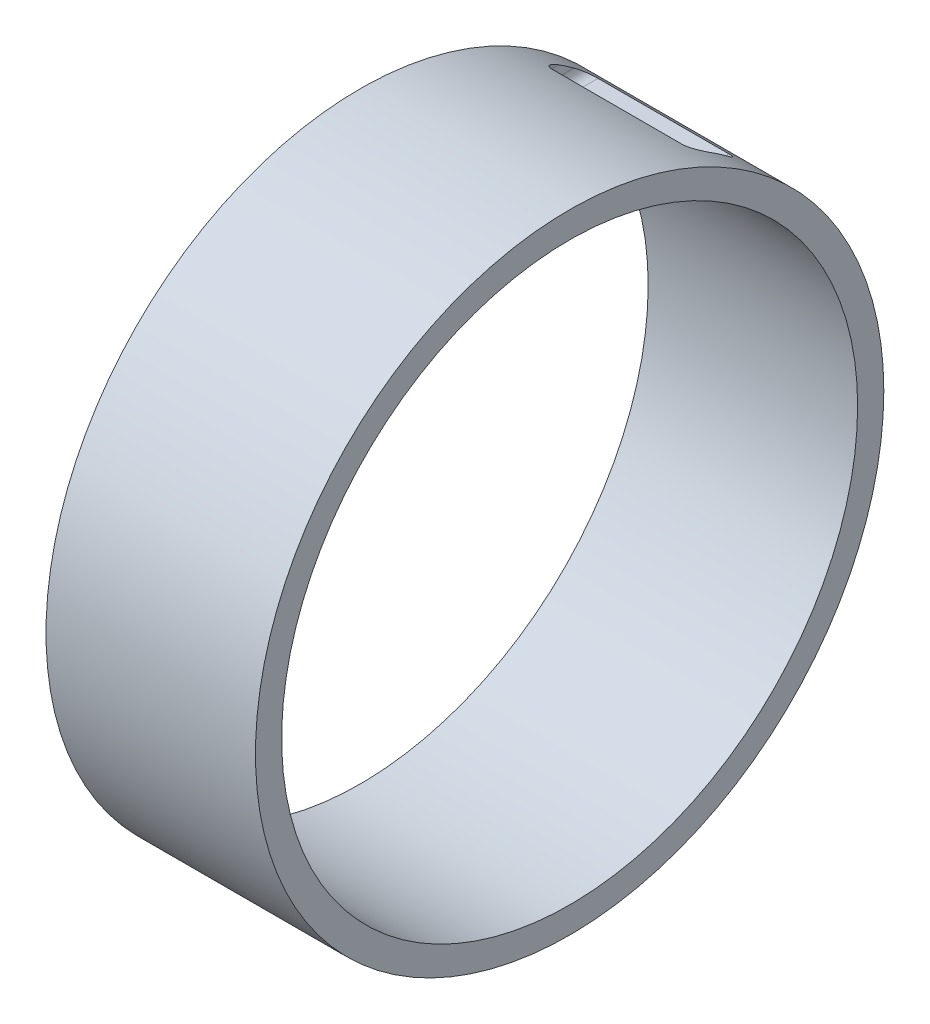
ISO-10303-21;
HEADER;
FILE_DESCRIPTION(('STEP AP214'),'2;1');
FILE_NAME('part.step','',(''),(''),'','','');
FILE_SCHEMA(('AUTOMOTIVE_DESIGN { 1 0 10303 214 1 1 1 1 }'));
ENDSEC;
DATA;
#1=APPLICATION_CONTEXT('core data for automotive mechanical design processes');
#2=APPLICATION_PROTOCOL_DEFINITION('international standard','automotive_design',2000,#1);
#3=PRODUCT_CONTEXT('',#1,'mechanical');
#4=PRODUCT('Part','Part','',(#3));
#5=PRODUCT_RELATED_PRODUCT_CATEGORY('part','',(#4));
#6=PRODUCT_DEFINITION_FORMATION('','',#4);
#7=PRODUCT_DEFINITION_CONTEXT('part definition',#1,'design');
#8=PRODUCT_DEFINITION('design','',#6,#7);
#9=PRODUCT_DEFINITION_SHAPE('','',#8);
#10=(LENGTH_UNIT() NAMED_UNIT(*) SI_UNIT(.MILLI.,.METRE.));
#11=(NAMED_UNIT(*) PLANE_ANGLE_UNIT() SI_UNIT($,.RADIAN.));
#12=(NAMED_UNIT(*) SI_UNIT($,.STERADIAN.) SOLID_ANGLE_UNIT());
#13=UNCERTAINTY_MEASURE_WITH_UNIT(LENGTH_MEASURE(1.E-05),#10,'distance_accuracy_value','');
#14=(GEOMETRIC_REPRESENTATION_CONTEXT(3) GLOBAL_UNCERTAINTY_ASSIGNED_CONTEXT((#13)) GLOBAL_UNIT_ASSIGNED_CONTEXT((#10,
#11,#12)) REPRESENTATION_CONTEXT('',''));
#15=CARTESIAN_POINT('',(0.,0.,0.));
#16=DIRECTION('',(0.,0.,1.));
#17=DIRECTION('',(1.,0.,0.));
#18=AXIS2_PLACEMENT_3D('',#15,#16,#17);
#19=CARTESIAN_POINT('',(25.4,0.,0.));
#20=DIRECTION('',(1.,0.,0.));
#21=DIRECTION('',(0.,0.,-1.));
#22=AXIS2_PLACEMENT_3D('',#19,#20,#21);
#23=PLANE('',#22);
#24=CARTESIAN_POINT('',(25.4,0.,0.));
#25=DIRECTION('',(1.,0.,0.));
#26=DIRECTION('',(0.,0.,-1.));
#27=AXIS2_PLACEMENT_3D('',#24,#25,#26);
#28=CIRCLE('',#27,76.2);
#29=CARTESIAN_POINT('',(25.4,0.,-76.2));
#30=VERTEX_POINT('',#29);
#31=EDGE_CURVE('E128',#30,#30,#28,.T.);
#32=ORIENTED_EDGE('',*,*,#31,.T.);
#33=EDGE_LOOP('',(#32));
#34=FACE_BOUND('',#33,.T.);
#35=CARTESIAN_POINT('',(25.4,0.,0.));
#36=DIRECTION('',(1.,0.,0.));
#37=DIRECTION('',(0.,0.,-1.));
#38=AXIS2_PLACEMENT_3D('',#35,#36,#37);
#39=CIRCLE('',#38,69.85);
#40=CARTESIAN_POINT('',(25.4,0.,-69.85));
#41=VERTEX_POINT('',#40);
#42=EDGE_CURVE('E220',#41,#41,#39,.T.);
#43=ORIENTED_EDGE('',*,*,#42,.F.);
#44=EDGE_LOOP('',(#43));
#45=FACE_BOUND('',#44,.T.);
#46=ADVANCED_FACE('F32',(#34,#45),#23,.T.);
#47=CARTESIAN_POINT('',(-25.4,0.,0.));
#48=DIRECTION('',(1.,0.,0.));
#49=DIRECTION('',(0.,0.,-1.));
#50=AXIS2_PLACEMENT_3D('',#47,#48,#49);
#51=PLANE('',#50);
#52=CARTESIAN_POINT('',(-25.4,0.,0.));
#53=DIRECTION('',(1.,0.,0.));
#54=DIRECTION('',(0.,0.,-1.));
#55=AXIS2_PLACEMENT_3D('',#52,#53,#54);
#56=CIRCLE('',#55,76.2);
#57=CARTESIAN_POINT('',(-25.4,0.,-76.2));
#58=VERTEX_POINT('',#57);
#59=EDGE_CURVE('E133',#58,#58,#56,.T.);
#60=ORIENTED_EDGE('',*,*,#59,.F.);
#61=EDGE_LOOP('',(#60));
#62=FACE_BOUND('',#61,.T.);
#63=CARTESIAN_POINT('',(-25.4,0.,0.));
#64=DIRECTION('',(1.,0.,0.));
#65=DIRECTION('',(0.,0.,-1.));
#66=AXIS2_PLACEMENT_3D('',#63,#64,#65);
#67=CIRCLE('',#66,69.85);
#68=CARTESIAN_POINT('',(-25.4,0.,-69.85));
#69=VERTEX_POINT('',#68);
#70=EDGE_CURVE('E221',#69,#69,#67,.T.);
#71=ORIENTED_EDGE('',*,*,#70,.T.);
#72=EDGE_LOOP('',(#71));
#73=FACE_BOUND('',#72,.T.);
#74=ADVANCED_FACE('F210',(#62,#73),#51,.F.);
#75=CARTESIAN_POINT('',(25.4,0.,0.));
#76=DIRECTION('',(-1.,0.,0.));
#77=DIRECTION('',(0.,0.,1.));
#78=AXIS2_PLACEMENT_3D('',#75,#76,#77);
#79=CYLINDRICAL_SURFACE('',#78,76.2);
#80=DIRECTION('',(-1.,0.,0.));
#81=VECTOR('',#80,1.);
#82=CARTESIAN_POINT('',(25.4,66.675,-36.8901663726257));
#83=LINE('',#82,#81);
#84=CARTESIAN_POINT('',(-15.875,66.675,-36.8901663726257));
#85=VERTEX_POINT('',#84);
#86=CARTESIAN_POINT('',(15.875,66.675,-36.8901663726257));
#87=VERTEX_POINT('',#86);
#88=EDGE_CURVE('E232',#85,#87,#83,.F.);
#89=ORIENTED_EDGE('',*,*,#88,.F.);
#90=CARTESIAN_POINT('',(-15.875,66.675,-36.8901663726257));
#91=CARTESIAN_POINT('',(-15.9125528643814,66.6750051266936,-36.8901567057449));
#92=CARTESIAN_POINT('',(-15.9500852718334,66.6741666158712,-36.8916726567766));
#93=CARTESIAN_POINT('',(-16.024800291679,66.6708532359372,-36.8976604526581));
#94=CARTESIAN_POINT('',(-16.0619832438782,66.6683801705647,-36.9021290392582));
#95=CARTESIAN_POINT('',(-16.1718129907983,66.6586583588189,-36.9196891904874));
#96=CARTESIAN_POINT('',(-16.2436241955906,66.6491043719812,-36.936940033587));
#97=CARTESIAN_POINT('',(-16.4002103086586,66.6216721216113,-36.9863997322653));
#98=CARTESIAN_POINT('',(-16.483878512848,66.6023324549095,-37.0212296641021));
#99=CARTESIAN_POINT('',(-16.6439449767763,66.55724858626,-37.1022212608402));
#100=CARTESIAN_POINT('',(-16.720307227958,66.5314747167076,-37.1484354040031));
#101=CARTESIAN_POINT('',(-16.9074586297388,66.458954348086,-37.2780841741451));
#102=CARTESIAN_POINT('',(-17.0126234805095,66.4086982144312,-37.3675893309396));
#103=CARTESIAN_POINT('',(-17.206655771776,66.3007905011026,-37.5587185006444));
#104=CARTESIAN_POINT('',(-17.2954893315623,66.2431239594759,-37.6603670014807));
#105=CARTESIAN_POINT('',(-17.4539542107774,66.1268504251507,-37.8641319733973));
#106=CARTESIAN_POINT('',(-17.5244775642815,66.0685704207115,-37.9657524768935));
#107=CARTESIAN_POINT('',(-17.6554110162912,65.9487305184317,-38.173542586677));
#108=CARTESIAN_POINT('',(-17.7158125052694,65.8871678865062,-38.2797159701593));
#109=CARTESIAN_POINT('',(-17.827937722729,65.7612724747456,-38.4955935422782));
#110=CARTESIAN_POINT('',(-17.8796264665118,65.6969297719986,-38.6053099518791));
#111=CARTESIAN_POINT('',(-17.9749789261709,65.5661647088155,-38.8269832295481));
#112=CARTESIAN_POINT('',(-18.0186402441688,65.4997417338916,-38.9389407560237));
#113=CARTESIAN_POINT('',(-18.1198592119057,65.3294020440842,-39.2243496693953));
#114=CARTESIAN_POINT('',(-18.1724736631223,65.2243164075517,-39.3988665500534));
#115=CARTESIAN_POINT('',(-18.2620006815305,65.0109062517826,-39.7500233913603));
#116=CARTESIAN_POINT('',(-18.2989027850477,64.9025796254251,-39.9266646865202));
#117=CARTESIAN_POINT('',(-18.3571617655918,64.6853486872083,-40.2776297786353));
#118=CARTESIAN_POINT('',(-18.3787896879128,64.5764908814272,-40.4519371432072));
#119=CARTESIAN_POINT('',(-18.4004735223983,64.4118369519973,-40.7132147608792));
#120=CARTESIAN_POINT('',(-18.4059084162904,64.3567589328186,-40.8002229603515));
#121=CARTESIAN_POINT('',(-18.4131694860146,64.2461813325217,-40.9741235983915));
#122=CARTESIAN_POINT('',(-18.4149956077825,64.1906817451005,-41.0610160352054));
#123=CARTESIAN_POINT('',(-18.415,64.135,-41.1478040118789));
#124=B_SPLINE_CURVE_WITH_KNOTS('',3,(#90,#91,#92,#93,#94,#95,#96,#97,#98,#99,#100,#101,#102,
#103,#104,#105,#106,#107,#108,#109,#110,#111,#112,#113,#114,#115,#116,#117,#118,#119,#120,#121,
#122,#123),.UNSPECIFIED.,.F.,.F.,(4,2,2,2,2,2,2,2,2,2,2,2,2,2,2,2,4),(0.,0.112580998817639,
0.225037970897442,0.447339872368279,0.723827977290132,1.00161528760194,1.44002369970265,
1.87933161070058,2.28894776232968,2.69891057888424,3.11048222919406,3.52217662133797,
4.15262471789859,4.78349200864135,5.40286216071111,5.71216479254917,6.02147205812361),.UNSPECIFIED.);
#125=CARTESIAN_POINT('',(-18.415,64.135,-41.1478040118789));
#126=VERTEX_POINT('',#125);
#127=EDGE_CURVE('E188',#85,#126,#124,.T.);
#128=ORIENTED_EDGE('',*,*,#127,.T.);
#129=CARTESIAN_POINT('',(-18.415,0.,0.));
#130=DIRECTION('',(-1.,0.,0.));
#131=DIRECTION('',(0.,0.,1.));
#132=AXIS2_PLACEMENT_3D('',#129,#130,#131);
#133=CIRCLE('',#132,76.2);
#134=CARTESIAN_POINT('',(-18.415,61.595,-44.8608512513973));
#135=VERTEX_POINT('',#134);
#136=EDGE_CURVE('E229',#135,#126,#133,.F.);
#137=ORIENTED_EDGE('',*,*,#136,.F.);
#138=CARTESIAN_POINT('',(-18.415,61.595,-44.8608512513973));
#139=CARTESIAN_POINT('',(-18.4149954250006,61.5386949247186,-44.9381597470649));
#140=CARTESIAN_POINT('',(-18.4131280407796,61.4822496064611,-45.0153542140712));
#141=CARTESIAN_POINT('',(-18.4055748552411,61.369148926074,-45.1694220987862));
#142=CARTESIAN_POINT('',(-18.3998883739413,61.312493528327,-45.2462954568691));
#143=CARTESIAN_POINT('',(-18.3769066681305,61.1419373863011,-45.4768081464263));
#144=CARTESIAN_POINT('',(-18.3536877724643,61.0278556746062,-45.6297785888821));
#145=CARTESIAN_POINT('',(-18.2899329455135,60.7987372144864,-45.9346319199144));
#146=CARTESIAN_POINT('',(-18.249171069149,60.6837079111032,-46.0864733666563));
#147=CARTESIAN_POINT('',(-18.1485926156648,60.4557573352468,-46.3850896151561));
#148=CARTESIAN_POINT('',(-18.0888114680992,60.3428325532014,-46.531873279642));
#149=CARTESIAN_POINT('',(-17.9865294744618,60.1820107642548,-46.7394081233));
#150=CARTESIAN_POINT('',(-17.9525689033565,60.1324602025622,-46.8031363108434));
#151=CARTESIAN_POINT('',(-17.8800077727999,60.0344672406605,-46.9287662029529));
#152=CARTESIAN_POINT('',(-17.8414072022475,59.9860248431028,-46.9906679031488));
#153=CARTESIAN_POINT('',(-17.7183937062005,59.8430589852029,-47.1727880971524));
#154=CARTESIAN_POINT('',(-17.6265736550603,59.7505801416987,-47.2898299587929));
#155=CARTESIAN_POINT('',(-17.4381115130021,59.5897730083474,-47.4922392813262));
#156=CARTESIAN_POINT('',(-17.3448864738581,59.5200005544768,-47.5796213264477));
#157=CARTESIAN_POINT('',(-17.1417989647074,59.3901684949479,-47.7415814398029));
#158=CARTESIAN_POINT('',(-17.0319600966361,59.3300953566409,-47.8161773565756));
#159=CARTESIAN_POINT('',(-16.8288682391994,59.2390691976159,-47.9288681477931));
#160=CARTESIAN_POINT('',(-16.7395991189078,59.204673949921,-47.9713330436526));
#161=CARTESIAN_POINT('',(-16.5535252545056,59.145370740913,-48.04443087896));
#162=CARTESIAN_POINT('',(-16.4567412649108,59.1204376960567,-48.0750951041207));
#163=CARTESIAN_POINT('',(-16.2793684029514,59.0861420139811,-48.1172359539401));
#164=CARTESIAN_POINT('',(-16.1998606045424,59.0745677776465,-48.1314408731894));
#165=CARTESIAN_POINT('',(-16.0790451985146,59.062882290818,-48.1457783216331));
#166=CARTESIAN_POINT('',(-16.0383936288196,59.0599328793916,-48.1493960829677));
#167=CARTESIAN_POINT('',(-15.9568328855824,59.0559894743263,-48.1542325430308));
#168=CARTESIAN_POINT('',(-15.9159235894076,59.054996495309,-48.1554499969407));
#169=CARTESIAN_POINT('',(-15.875,59.055,-48.1554459537029));
#170=B_SPLINE_CURVE_WITH_KNOTS('',3,(#138,#139,#140,#141,#142,#143,#144,#145,#146,#147,#148,
#149,#150,#151,#152,#153,#154,#155,#156,#157,#158,#159,#160,#161,#162,#163,#164,#165,#166,#167,
#168,#169),.UNSPECIFIED.,.F.,.F.,(4,2,2,2,2,2,2,2,2,2,2,2,2,2,2,4),(0.,0.286878193761009,
0.573807479136215,1.14974391110316,1.73333118240637,2.31583763674226,2.57843890786918,
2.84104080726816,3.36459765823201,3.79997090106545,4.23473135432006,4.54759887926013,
#####
(WORK REQUEST) Each line of the listing above that includes the word "UNSPECIFIED" should be copied.

(EXERCISE RESULT)
#122,#123),.UNSPECIFIED.,.F.,.F.,(4,2,2,2,2,2,2,2,2,2,2,2,2,2,2,2,4),(0.,0.112580998817639,
4.15262471789859,4.78349200864135,5.40286216071111,5.71216479254917,6.02147205812361),.UNSPECIFIED.);
#168,#169),.UNSPECIFIED.,.F.,.F.,(4,2,2,2,2,2,2,2,2,2,2,2,2,2,2,4),(0.,0.286878193761009,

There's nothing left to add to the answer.